Culture plays the role of cement in binding the members of a group together. If cement is not good it malfunctions and affects the bond that exists between the members of a group. If the element of trust misses from culture then mistrust creeps in. Mistrust weakens the relationship among the members of a group. Furthermore, it becomes difficult to achieve a common goal in the presence of mistrust. Now look at mistrust in the context of an organisation. It weakens relationship among the members of an organisation. Employees feel vulnerable as they are always suspected. Workers do not give their best that affects production, services and sales. Organisational profits decrease. Issues of workforce engagement arise and employee turnover increases. Chances of cheating and deceit within organisation increase. Different studies have revealed that almost 60-65% employees of companies do not trust their leaders. Reason is absence of the culture of trust within organisations. Obscure agendas, concealing organisational aims & goals, dishonest and unbiased leadership, tax evasions, employee benefit cuts, lack of readiness at the part of organisational leadership to hear employee feedback, unclear performance goals and hidden employee performance measuring scales are some of the major reasons for the culture of mistrust in organisations.

After facing the consequences of the culture of mistrust now organisations are realising the importance of trust. Therefore, all around the world companies are trying to make cultural changes in this regard. But cultural change is not as easy as it sounds. It takes time, commitment and efforts to replace the culture of mistrust with the culture of trust.

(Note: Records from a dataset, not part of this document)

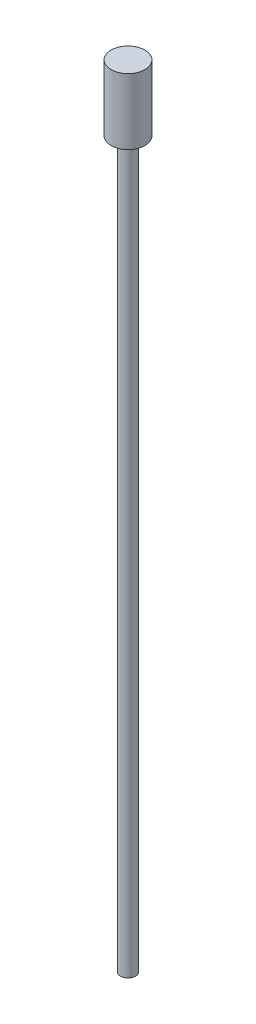
from build123d import *

# Parameters (mm, degrees)
ESQUISSE1_R        = 4
BOSS_EXTRU_1_DEPTH = 385
ESQUISSE2_R        = 9
BOSS_EXTRU_2_DEPTH = 35


with BuildPart() as part:
    # Esquisse1 → Boss.-Extru.1 (new body)
    with BuildSketch(Plane(origin=(0, 0, 0), x_dir=(1, 0, 0), z_dir=(0, 1, 0))):
        with Locations(Location((0, 0, 0), (0, 0, 270))):
            Circle(ESQUISSE1_R)
    extrude(amount=BOSS_EXTRU_1_DEPTH)

    # Esquisse2 → Boss.-Extru.2 (add)
    with BuildSketch(Plane(origin=(0, 385, 0), x_dir=(1, 0, 0), z_dir=(0, 1, 0))):
        with Locations(Location((0, 0, 0), (0, 0, 270))):
            Circle(ESQUISSE2_R)
    extrude(amount=BOSS_EXTRU_2_DEPTH)


solid = part.part
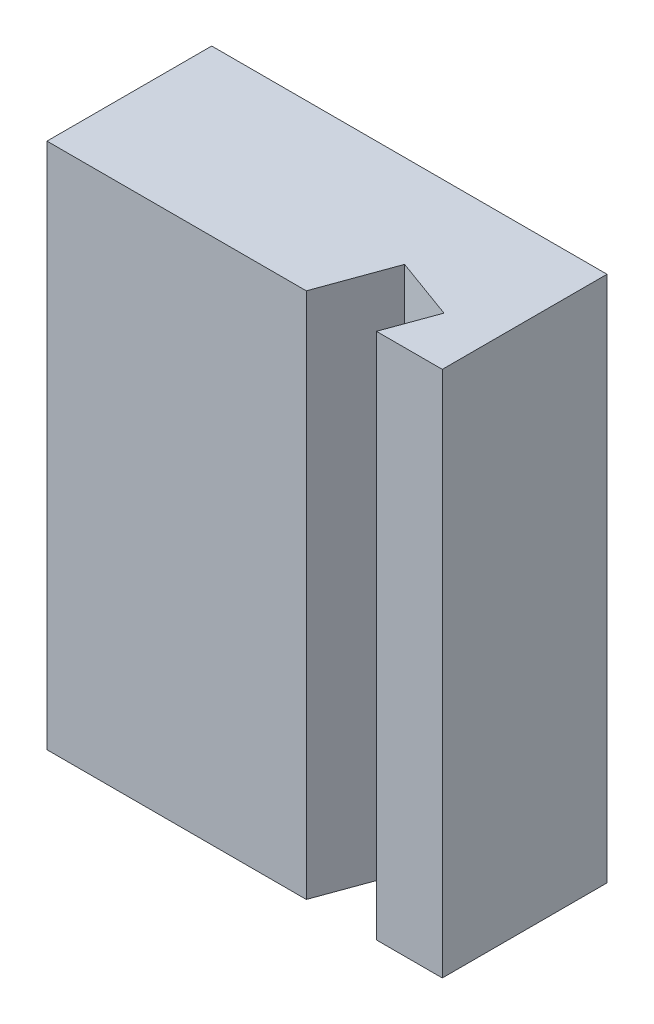
from build123d import *

# Parameters (mm, degrees)
BOSS_EXTRUDE1_DEPTH = 40


with BuildPart() as part:
    # Sketch1 → Boss-Extrude1 (new, symmetric)
    with BuildSketch(Plane(origin=(0, 0, 0), x_dir=(-1, 0, 0), z_dir=(0, 1, 0))):
        Polygon((-20, 12.5), (-22.736161147, 4.982459034), (-13.339234939, 1.5622576), (-9.358222275, 12.5), (30, 12.5), (30, -12.5), (-30, -12.5), (-30, 12.5), align=None)
    extrude(amount=BOSS_EXTRUDE1_DEPTH, both=True)


solid = part.part

The following practices are helpful in building the environment of trust:

  1. Study the actual reasons of mistrust and learn about the damages it is causing.
  2. Always have clear aims & goals in front of you that what do you want to achieve by having the culture of trust in your organisation.
  3. Create a clear program in this regard. Have workers on board during the course of crafting it.
  4. Set performance measures to gauge the performance of the program. Satisfied workforce, low employee turnover and increased profitability can be some of the performance measures in this respect.
  5. Leadership must take the first step in this regard by being as role model. Cultural change travels fast from top to bottom.
  6. Leaders should reduce the say-do gap.
  7. Fulfil promises that are being made with the workforce.
  8. Make your workforce understand the importance of trust. Offer training and courses in this regard.
  9. Not just in their professional lives leaders must try to be honest in their personal matters as well.
  10. Bring in transparency in terms of organisational process, decision making, goals’ communication and financial matters.
  11. Do not over estimate your employees always assign those goals to them that they can achieve.
  12. In case of failure be polite and generous.
  13. Always separate dirty fish from the rest in order to avoid setbacks.
  14. Remember in many cases mistrust spreads due to unclear and biased programs of performance management in organisations. Create a clear and fair system in this regard and award rewards on the basis of performance.
  15. Tell inspiring stories to your workforce in regard of trust.

If an organisation is making cultural changes in terms of trust it does not mean that its leaders close their eyes and start trusting everything they hear, they must always keep their eyes open to avoid any setbacks. Keep it in mind that it takes time to clear the poison of mistrust from the environment of an organisation, thus be patience. Environment of trust takes time to grow. Leadership of an organisation plays the most important role in it.